The second line is a bit more complicated. It forces the WebDriver to wait until the auto completion list appears on the page. This is necessary because when you type the name of the city, booking.com makes an AJAX request to the server to get a list of destinations fitting your search request. The WebDriverWait function periodically (each 0.1 sec in our case) checks a certain condition (defined in the lambda function) and returns when this condition becomes true or when the timeout has expired (1 sec in our case).
The third line simply clicks on the first item in the list of proposed destinations.
3. Checking the checkbox
The next line checks the “I don’t have specific dates yet” checkbox to get a list of hotels independent of any dates:
driver.find_element_by_css_selector("#availcheck").click()
4. Clicking the Search button
Finally we need to click the Search button to start the search:
driver.find_element_by_css_selector("#searchbox_btn").submit()
5. Extracting the hotel names
After we have submitted the search request, the WebDriver will wait until the page reloads and then we can extract all the hotel names listed in the search results and print them on the screen:
for link in driver.find_elements_by_css_selector("a.hotel_name_link"):
print(link.text)
Note though that for the purpose of simplicity I didn’t implement moving to the next page of the search results here.
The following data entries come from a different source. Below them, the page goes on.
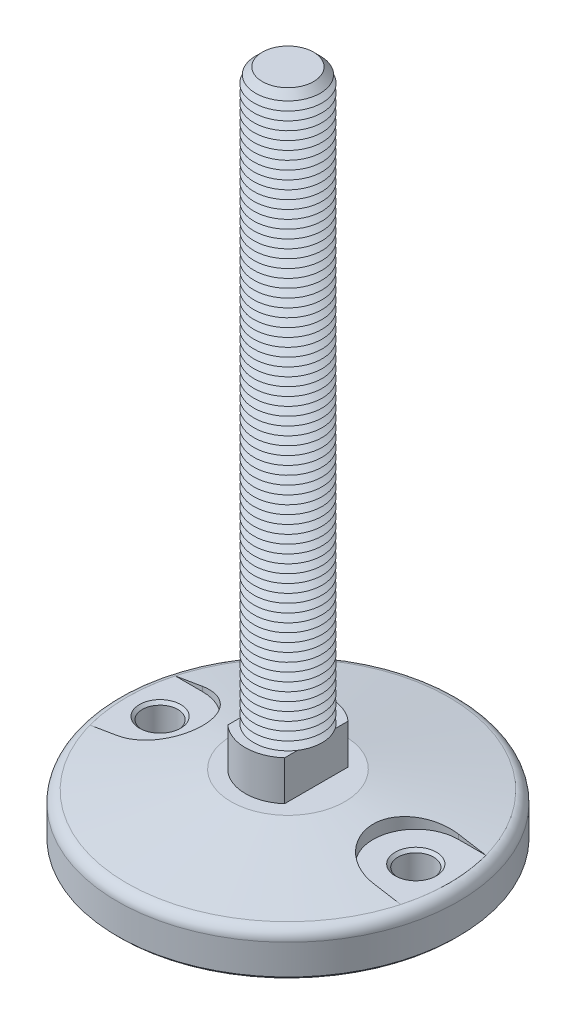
ISO-10303-21;
HEADER;
FILE_DESCRIPTION(('STEP AP214'),'2;1');
FILE_NAME('part.step','',(''),(''),'','','');
FILE_SCHEMA(('AUTOMOTIVE_DESIGN { 1 0 10303 214 1 1 1 1 }'));
ENDSEC;
DATA;
#1=APPLICATION_CONTEXT('core data for automotive mechanical design processes');
#2=APPLICATION_PROTOCOL_DEFINITION('international standard','automotive_design',2000,#1);
#3=PRODUCT_CONTEXT('',#1,'mechanical');
#4=PRODUCT('Part','Part','',(#3));
#5=PRODUCT_RELATED_PRODUCT_CATEGORY('part','',(#4));
#6=PRODUCT_DEFINITION_FORMATION('','',#4);
#7=PRODUCT_DEFINITION_CONTEXT('part definition',#1,'design');
#8=PRODUCT_DEFINITION('design','',#6,#7);
#9=PRODUCT_DEFINITION_SHAPE('','',#8);
#10=(LENGTH_UNIT() NAMED_UNIT(*) SI_UNIT(.MILLI.,.METRE.));
#11=(NAMED_UNIT(*) PLANE_ANGLE_UNIT() SI_UNIT($,.RADIAN.));
#12=(NAMED_UNIT(*) SI_UNIT($,.STERADIAN.) SOLID_ANGLE_UNIT());
#13=UNCERTAINTY_MEASURE_WITH_UNIT(LENGTH_MEASURE(1.E-05),#10,'distance_accuracy_value','');
#14=(GEOMETRIC_REPRESENTATION_CONTEXT(3) GLOBAL_UNCERTAINTY_ASSIGNED_CONTEXT((#13)) GLOBAL_UNIT_ASSIGNED_CONTEXT((#10,
#11,#12)) REPRESENTATION_CONTEXT('',''));
#15=CARTESIAN_POINT('',(0.,0.,0.));
#16=DIRECTION('',(0.,0.,1.));
#17=DIRECTION('',(1.,0.,0.));
#18=AXIS2_PLACEMENT_3D('',#15,#16,#17);
#19=CARTESIAN_POINT('',(0.,0.,0.));
#20=DIRECTION('',(0.,-1.,0.));
#21=DIRECTION('',(0.,0.,-1.));
#22=AXIS2_PLACEMENT_3D('',#19,#20,#21);
#23=CONICAL_SURFACE('',#22,20.,1.39626340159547);
#24=CARTESIAN_POINT('',(-45.0002,-4.83741692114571,14.9999999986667));
#25=CARTESIAN_POINT('',(-44.5716630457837,-4.76573974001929,15.00004953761));
#26=CARTESIAN_POINT('',(-44.1432899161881,-4.69315382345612,14.9816490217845));
#27=CARTESIAN_POINT('',(-43.2899455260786,-4.54659214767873,14.9083446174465));
#28=CARTESIAN_POINT('',(-42.8649740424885,-4.47261648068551,14.8534431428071));
#29=CARTESIAN_POINT('',(-42.0217138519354,-4.32373997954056,14.7075791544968));
#30=CARTESIAN_POINT('',(-41.6034211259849,-4.24883975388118,14.6166392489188));
#31=CARTESIAN_POINT('',(-40.7762181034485,-4.09853953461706,14.3993925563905));
#32=CARTESIAN_POINT('',(-40.367307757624,-4.02313954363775,14.2730859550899));
#33=CARTESIAN_POINT('',(-39.5616137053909,-3.87232244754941,13.9859546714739));
#34=CARTESIAN_POINT('',(-39.1648346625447,-3.79690534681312,13.82511690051));
#35=CARTESIAN_POINT('',(-38.3863815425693,-3.64664451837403,13.4700801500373));
#36=CARTESIAN_POINT('',(-38.0047074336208,-3.57180078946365,13.2758812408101));
#37=CARTESIAN_POINT('',(-37.259234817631,-3.42331263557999,12.8554907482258));
#38=CARTESIAN_POINT('',(-36.8954336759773,-3.3496680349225,12.6293038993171));
#39=CARTESIAN_POINT('',(-36.188253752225,-3.20423999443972,12.1464578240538));
#40=CARTESIAN_POINT('',(-35.8448748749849,-3.13245654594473,11.8897987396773));
#41=CARTESIAN_POINT('',(-35.1811599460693,-2.99151324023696,11.347857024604));
#42=CARTESIAN_POINT('',(-34.8608145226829,-2.92235232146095,11.0625861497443));
#43=CARTESIAN_POINT('',(-34.2453649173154,-2.78741726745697,10.4652623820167));
#44=CARTESIAN_POINT('',(-33.9502608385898,-2.72164314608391,10.1532093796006));
#45=CARTESIAN_POINT('',(-33.3874760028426,-2.59432642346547,9.50440564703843));
#46=CARTESIAN_POINT('',(-33.1197986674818,-2.53278435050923,9.1676518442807));
#47=CARTESIAN_POINT('',(-32.6139762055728,-2.41484175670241,8.47180160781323));
#48=CARTESIAN_POINT('',(-32.3758306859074,-2.35844116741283,8.11270547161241));
#49=CARTESIAN_POINT('',(-31.9339537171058,-2.25242768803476,7.3796428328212));
#50=CARTESIAN_POINT('',(-31.7298031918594,-2.20273384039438,7.00594067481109));
#51=CARTESIAN_POINT('',(-31.3537289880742,-2.11014777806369,6.24184253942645));
#52=CARTESIAN_POINT('',(-31.1818051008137,-2.0672555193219,5.851446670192));
#53=CARTESIAN_POINT('',(-30.8716543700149,-1.98913642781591,5.05684707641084));
#54=CARTESIAN_POINT('',(-30.7334198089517,-1.95390783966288,4.65264653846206));
#55=CARTESIAN_POINT('',(-30.4917961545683,-1.89187314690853,3.8333303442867));
#56=CARTESIAN_POINT('',(-30.3884062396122,-1.86506684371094,3.41821494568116));
#57=CARTESIAN_POINT('',(-30.2197121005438,-1.82110989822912,2.59156261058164));
#58=CARTESIAN_POINT('',(-30.1534519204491,-1.80371733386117,2.18023342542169));
#59=CARTESIAN_POINT('',(-30.0553621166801,-1.77790819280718,1.35321233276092));
#60=CARTESIAN_POINT('',(-30.0235318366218,-1.76949144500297,0.937520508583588));
#61=CARTESIAN_POINT('',(-29.9945838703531,-1.76183851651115,0.104887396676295));
#62=CARTESIAN_POINT('',(-29.9974627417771,-1.76260142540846,-0.31205376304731));
#63=CARTESIAN_POINT('',(-30.0378993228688,-1.7732869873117,-1.14413077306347));
#64=CARTESIAN_POINT('',(-30.0754567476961,-1.7832095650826,-1.55926663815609));
#65=CARTESIAN_POINT('',(-30.1838290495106,-1.81168784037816,-2.37646539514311));
#66=CARTESIAN_POINT('',(-30.253968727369,-1.83006819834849,-2.77862418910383));
#67=CARTESIAN_POINT('',(-30.4266561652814,-1.87498416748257,-3.57544878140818));
#68=CARTESIAN_POINT('',(-30.5292034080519,-1.90151964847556,-3.97011469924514));
#69=CARTESIAN_POINT('',(-30.7658801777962,-1.96218463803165,-4.74927597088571));
#70=CARTESIAN_POINT('',(-30.9000112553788,-1.99631451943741,-5.13377082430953));
#71=CARTESIAN_POINT('',(-31.1988010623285,-2.0714948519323,-5.8900091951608));
#72=CARTESIAN_POINT('',(-31.3634602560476,-2.11254540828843,-6.26175251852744));
#73=CARTESIAN_POINT('',(-31.7241833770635,-2.20134838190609,-6.99438182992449));
#74=CARTESIAN_POINT('',(-31.9205960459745,-2.24917439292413,-7.35508715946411));
#75=CARTESIAN_POINT('',(-32.3419301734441,-2.35035157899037,-8.0586224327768));
#76=CARTESIAN_POINT('',(-32.5668517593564,-2.40370277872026,-8.40145229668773));
#77=CARTESIAN_POINT('',(-33.0435892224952,-2.51513098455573,-9.06707399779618));
#78=CARTESIAN_POINT('',(-33.2954062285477,-2.57320818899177,-9.38986499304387));
#79=CARTESIAN_POINT('',(-33.8241636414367,-2.69330733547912,-10.0133800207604));
#80=CARTESIAN_POINT('',(-34.1011044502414,-2.7553293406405,-10.314103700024));
#81=CARTESIAN_POINT('',(-34.6862220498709,-2.88434050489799,-10.8996326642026));
#82=CARTESIAN_POINT('',(-34.9950517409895,-2.95141968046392,-11.1837659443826));
#83=CARTESIAN_POINT('',(-35.6350756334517,-3.08820736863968,-11.7249231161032));
#84=CARTESIAN_POINT('',(-35.9662703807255,-3.15791594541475,-11.981946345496));
#85=CARTESIAN_POINT('',(-36.6488620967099,-3.29929251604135,-12.4673150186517));
#86=CARTESIAN_POINT('',(-37.0002673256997,-3.37096130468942,-12.695648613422));
#87=CARTESIAN_POINT('',(-37.7207317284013,-3.51558573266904,-13.1220222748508));
#88=CARTESIAN_POINT('',(-38.0897905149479,-3.58854134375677,-13.3200630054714));
#89=CARTESIAN_POINT('',(-38.8503500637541,-3.73657205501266,-13.6880864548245));
#90=CARTESIAN_POINT('',(-39.2421468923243,-3.81166085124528,-13.8574521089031));
#91=CARTESIAN_POINT('',(-40.0387180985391,-3.9619955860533,-14.1621864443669));
#92=CARTESIAN_POINT('',(-40.4434925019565,-4.03724152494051,-14.2975550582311));
#93=CARTESIAN_POINT('',(-41.2626403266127,-4.18727395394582,-14.5331883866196));
#94=CARTESIAN_POINT('',(-41.6770011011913,-4.26206090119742,-14.6334968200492));
#95=CARTESIAN_POINT('',(-42.5127363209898,-4.41076799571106,-14.7984730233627));
#96=CARTESIAN_POINT('',(-42.9341072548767,-4.48468854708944,-14.86315811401));
#97=CARTESIAN_POINT('',(-43.6303300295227,-4.60517722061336,-14.9398587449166));
#98=CARTESIAN_POINT('',(-43.9039978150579,-4.65212396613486,-14.9624242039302));
#99=CARTESIAN_POINT('',(-44.4518138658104,-4.74530664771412,-14.992485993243));
#100=CARTESIAN_POINT('',(-44.725960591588,-4.79154362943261,-15.0000071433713));
#101=CARTESIAN_POINT('',(-45.0002,-4.83741692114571,-14.9999999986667));
#102=B_SPLINE_CURVE_WITH_KNOTS('',3,(#24,#25,#26,#27,#28,#29,#30,#31,#32,#33,#34,#35,#36,#37,
#38,#39,#40,#41,#42,#43,#44,#45,#46,#47,#48,#49,#50,#51,#52,#53,#54,#55,#56,#57,#58,#59,#60,#61,
#62,#63,#64,#65,#66,#67,#68,#69,#70,#71,#72,#73,#74,#75,#76,#77,#78,#79,#80,#81,#82,#83,#84,#85,
#86,#87,#88,#89,#90,#91,#92,#93,#94,#95,#96,#97,#98,#99,#100,#101),.UNSPECIFIED.,.F.,.F.,(4,2,2,
2,2,2,2,2,2,2,2,2,2,2,2,2,2,2,2,2,2,2,2,2,2,2,2,2,2,2,2,2,2,2,2,2,2,2,4),(0.,1.30306238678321,
2.60603860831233,3.9081987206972,5.21035199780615,6.51299971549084,7.81564468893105,
9.11809706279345,10.4205433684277,11.7224567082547,13.0243753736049,14.3264562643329,
15.6285198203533,16.9131037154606,18.1976792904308,19.4819603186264,20.7662110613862,
22.0156679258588,23.2651009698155,24.514410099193,25.7637089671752,26.9882006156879,
28.212672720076,29.4372049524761,30.6617558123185,31.9008050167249,33.1398597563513,
34.3789665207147,35.6180931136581,36.8915557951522,38.1650495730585,39.4390675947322,
40.7130576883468,42.0116991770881,43.3103432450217,44.6073621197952,45.9037498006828,
46.7391139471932,47.5730987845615),.UNSPECIFIED.);
#103=CARTESIAN_POINT('',(-45.,-4.8373834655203,15.));
#104=VERTEX_POINT('',#103);
#105=CARTESIAN_POINT('',(-45.,-4.8373834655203,-15.));
#106=VERTEX_POINT('',#105);
#107=EDGE_CURVE('E807',#104,#106,#102,.T.);
#108=ORIENTED_EDGE('',*,*,#107,.F.);
#109=CARTESIAN_POINT('',(-75.3836954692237,-10.0262296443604,15.));
#110=CARTESIAN_POINT('',(-73.5381209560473,-9.70707583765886,15.));
#111=CARTESIAN_POINT('',(-71.6924756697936,-9.3883303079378,15.));
#112=CARTESIAN_POINT('',(-68.000998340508,-8.75192554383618,15.));
#113=CARTESIAN_POINT('',(-66.1551662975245,-8.43426630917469,15.));
#114=CARTESIAN_POINT('',(-62.4632858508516,-7.80030655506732,15.));
#115=CARTESIAN_POINT('',(-60.6172374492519,-7.484006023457,15.));
#116=CARTESIAN_POINT('',(-56.9248399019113,-6.85315810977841,15.));
#117=CARTESIAN_POINT('',(-55.078490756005,-6.53861072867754,15.));
#118=CARTESIAN_POINT('',(-51.3853818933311,-5.91182468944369,15.));
#119=CARTESIAN_POINT('',(-49.538622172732,-5.59958605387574,15.));
#120=CARTESIAN_POINT('',(-45.8445795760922,-4.97822990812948,15.));
#121=CARTESIAN_POINT('',(-43.9972967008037,-4.66911239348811,15.));
#122=CARTESIAN_POINT('',(-41.2258181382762,-4.20871611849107,15.));
#123=CARTESIAN_POINT('',(-40.3018950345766,-4.05579661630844,15.));
#124=CARTESIAN_POINT('',(-38.4538315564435,-3.75127801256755,15.));
#125=CARTESIAN_POINT('',(-37.5296911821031,-3.59967891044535,15.));
#126=CARTESIAN_POINT('',(-35.6811466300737,-3.29806807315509,15.));
#127=CARTESIAN_POINT('',(-34.7567424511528,-3.14805634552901,15.));
#128=CARTESIAN_POINT('',(-32.9076160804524,-2.84999796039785,15.));
#129=CARTESIAN_POINT('',(-31.9828938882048,-2.70195130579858,15.));
#130=CARTESIAN_POINT('',(-31.05798475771,-2.55507589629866,15.));
#131=B_SPLINE_CURVE_WITH_KNOTS('',3,(#109,#110,#111,#112,#113,#114,#115,#116,#117,#118,#119,
#120,#121,#122,#123,#124,#125,#126,#127,#128,#129,#130),.UNSPECIFIED.,.F.,.F.,(4,2,2,2,2,2,2,2,
2,2,4),(0.,5.6189004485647,11.2377994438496,16.8566480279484,22.4754997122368,28.0944062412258,
33.7133047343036,36.5227815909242,39.3322572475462,42.1417462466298,44.9512393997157),.UNSPECIFIED.);
#132=CARTESIAN_POINT('',(-54.6728284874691,-6.47,15.));
#133=VERTEX_POINT('',#132);
#134=EDGE_CURVE('E781',#133,#104,#131,.T.);
#135=ORIENTED_EDGE('',*,*,#134,.F.);
#136=CARTESIAN_POINT('',(0.,-6.47,0.));
#137=DIRECTION('',(0.,1.,0.));
#138=DIRECTION('',(0.,0.,1.));
#139=AXIS2_PLACEMENT_3D('',#136,#137,#138);
#140=CIRCLE('',#139,56.693193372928);
#141=CARTESIAN_POINT('',(-54.6728284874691,-6.47,-15.));
#142=VERTEX_POINT('',#141);
#143=EDGE_CURVE('E765',#133,#142,#140,.F.);
#144=ORIENTED_EDGE('',*,*,#143,.T.);
#145=CARTESIAN_POINT('',(-31.05798475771,-2.55507589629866,-15.));
#146=CARTESIAN_POINT('',(-31.9828938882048,-2.70195130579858,-15.));
#147=CARTESIAN_POINT('',(-32.9076160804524,-2.84999796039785,-15.));
#148=CARTESIAN_POINT('',(-34.7567424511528,-3.14805634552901,-15.));
#149=CARTESIAN_POINT('',(-35.6811466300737,-3.29806807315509,-15.));
#150=CARTESIAN_POINT('',(-37.5296911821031,-3.59967891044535,-15.));
#151=CARTESIAN_POINT('',(-38.4538315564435,-3.75127801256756,-15.));
#152=CARTESIAN_POINT('',(-40.3018950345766,-4.05579661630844,-15.));
#153=CARTESIAN_POINT('',(-41.2258181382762,-4.20871611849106,-15.));
#154=CARTESIAN_POINT('',(-43.9972967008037,-4.66911239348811,-15.));
#155=CARTESIAN_POINT('',(-45.8445795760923,-4.97822990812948,-15.));
#156=CARTESIAN_POINT('',(-49.538622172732,-5.59958605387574,-15.));
#157=CARTESIAN_POINT('',(-51.3853818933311,-5.91182468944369,-15.));
#158=CARTESIAN_POINT('',(-55.078490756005,-6.53861072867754,-15.));
#159=CARTESIAN_POINT('',(-56.9248399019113,-6.85315810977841,-15.));
#160=CARTESIAN_POINT('',(-60.6172374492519,-7.48400602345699,-15.));
#161=CARTESIAN_POINT('',(-62.4632858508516,-7.80030655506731,-15.));
#162=CARTESIAN_POINT('',(-66.1551662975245,-8.43426630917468,-15.));
#163=CARTESIAN_POINT('',(-68.000998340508,-8.75192554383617,-15.));
#164=CARTESIAN_POINT('',(-71.6924756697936,-9.3883303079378,-15.));
#165=CARTESIAN_POINT('',(-73.5381209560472,-9.70707583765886,-15.));
#166=CARTESIAN_POINT('',(-75.3836954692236,-10.0262296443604,-15.));
#167=B_SPLINE_CURVE_WITH_KNOTS('',3,(#145,#146,#147,#148,#149,#150,#151,#152,#153,#154,#155,
#156,#157,#158,#159,#160,#161,#162,#163,#164,#165,#166),.UNSPECIFIED.,.F.,.F.,(4,2,2,2,2,2,2,2,
2,2,4),(0.,2.80949315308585,5.61898215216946,8.42845780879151,11.2379346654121,16.8568331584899,
22.4757396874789,28.0945913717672,33.713439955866,39.3323389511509,44.9512393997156),.UNSPECIFIED.);
#168=EDGE_CURVE('E773',#106,#142,#167,.T.);
#169=ORIENTED_EDGE('',*,*,#168,.F.);
#170=EDGE_LOOP('',(#108,#135,#144,#169));
#171=FACE_BOUND('',#170,.T.);
#172=CARTESIAN_POINT('',(0.,-6.47024674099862,0.));
#173=DIRECTION('',(0.,1.,0.));
#174=DIRECTION('',(0.,0.,1.));
#175=AXIS2_PLACEMENT_3D('',#172,#173,#174);
#176=CIRCLE('',#175,56.6945927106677);
#177=CARTESIAN_POINT('',(0.,-6.47024674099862,56.6945927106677));
#178=VERTEX_POINT('',#177);
#179=EDGE_CURVE('E754',#178,#178,#176,.T.);
#180=ORIENTED_EDGE('',*,*,#179,.T.);
#181=EDGE_LOOP('',(#180));
#182=FACE_BOUND('',#181,.T.);
#183=CARTESIAN_POINT('',(0.,0.,0.));
#184=DIRECTION('',(0.,1.,0.));
#185=DIRECTION('',(0.,0.,1.));
#186=AXIS2_PLACEMENT_3D('',#183,#184,#185);
#187=CIRCLE('',#186,20.);
#188=CARTESIAN_POINT('',(0.,0.,20.));
#189=VERTEX_POINT('',#188);
#190=EDGE_CURVE('E750',#189,#189,#187,.T.);
#191=ORIENTED_EDGE('',*,*,#190,.F.);
#192=EDGE_LOOP('',(#191));
#193=FACE_BOUND('',#192,.T.);
#194=CARTESIAN_POINT('',(68.3349761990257,-8.80963289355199,15.));
#195=CARTESIAN_POINT('',(66.4891647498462,-8.49175738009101,15.));
#196=CARTESIAN_POINT('',(64.6432610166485,-8.17441571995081,15.));
#197=CARTESIAN_POINT('',(60.9512028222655,-7.54120691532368,15.));
#198=CARTESIAN_POINT('',(59.1050483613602,-7.22533976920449,15.));
#199=CARTESIAN_POINT('',(55.4124579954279,-6.59549283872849,15.));
#200=CARTESIAN_POINT('',(53.5660220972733,-6.28151301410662,15.));
#201=CARTESIAN_POINT('',(49.8727228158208,-5.65605601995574,15.));
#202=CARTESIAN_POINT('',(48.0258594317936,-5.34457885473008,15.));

You can easily do it by yourself by forcing the WebDriver to click the “Next page” link at the bottom of the page.
How to find web page elements
Probably you have already noticed that to get web page elements to work with, I use the find_element_by_css_selector and find_elements_by_css_selector functions. They receive a CSS selector as a parameter and return a list of elements, a single element or they will throw an exception if nothing is found (it is thrown in case of find_element_by_css_selector only).
You can easily determine the element identifier by looking at web browser’s developer tools:
In Chrome and Firefox you can open this tool set by pressing Ctrl+Shift+I and in Internet Explorer you can get it by hitting F12.
There you are. If you have any questions or suggestions feel free to comment below!
I would also like to offer you a video showing what I was talking about:
5 replies on “A Simple Code that Extracts a Hotel List from Booking.com”
Thank you for good practical post.
Step5 does not seem to be working anymore. No value is returned.
Though, thanks much for this helpful blog!
Hi Amy. Just checked. It still works fine for me.
Hi Michael
What I meant was that your codes take me to this error page
http://www.booking.com/searchresults.html?src=index&nflt=&ss_raw=&error_url=http%3A%2F%2Fwww.booking.com%2Findex.en-us.html%3Fsid%3Df9c15aa06893bfe29342e0f8e25779af%3Bdcid%3D1%3B&dcid=1&sid=f9c15aa06893bfe29342e0f8e25779af&si=ai%2Cco%2Cci%2Cre%2Cdi&ss=Berlin&checkin_monthday=0&checkin_year_month=0&checkout_monthday=0&checkout_year_month=0&idf=on&interval_of_time=any&sb_predefined_group_options_value=2&no_rooms=1&group_adults=2&group_children=0
Amy, I don’t see any error on this page. Usually this page is shown if you didn’t click an item on step #2.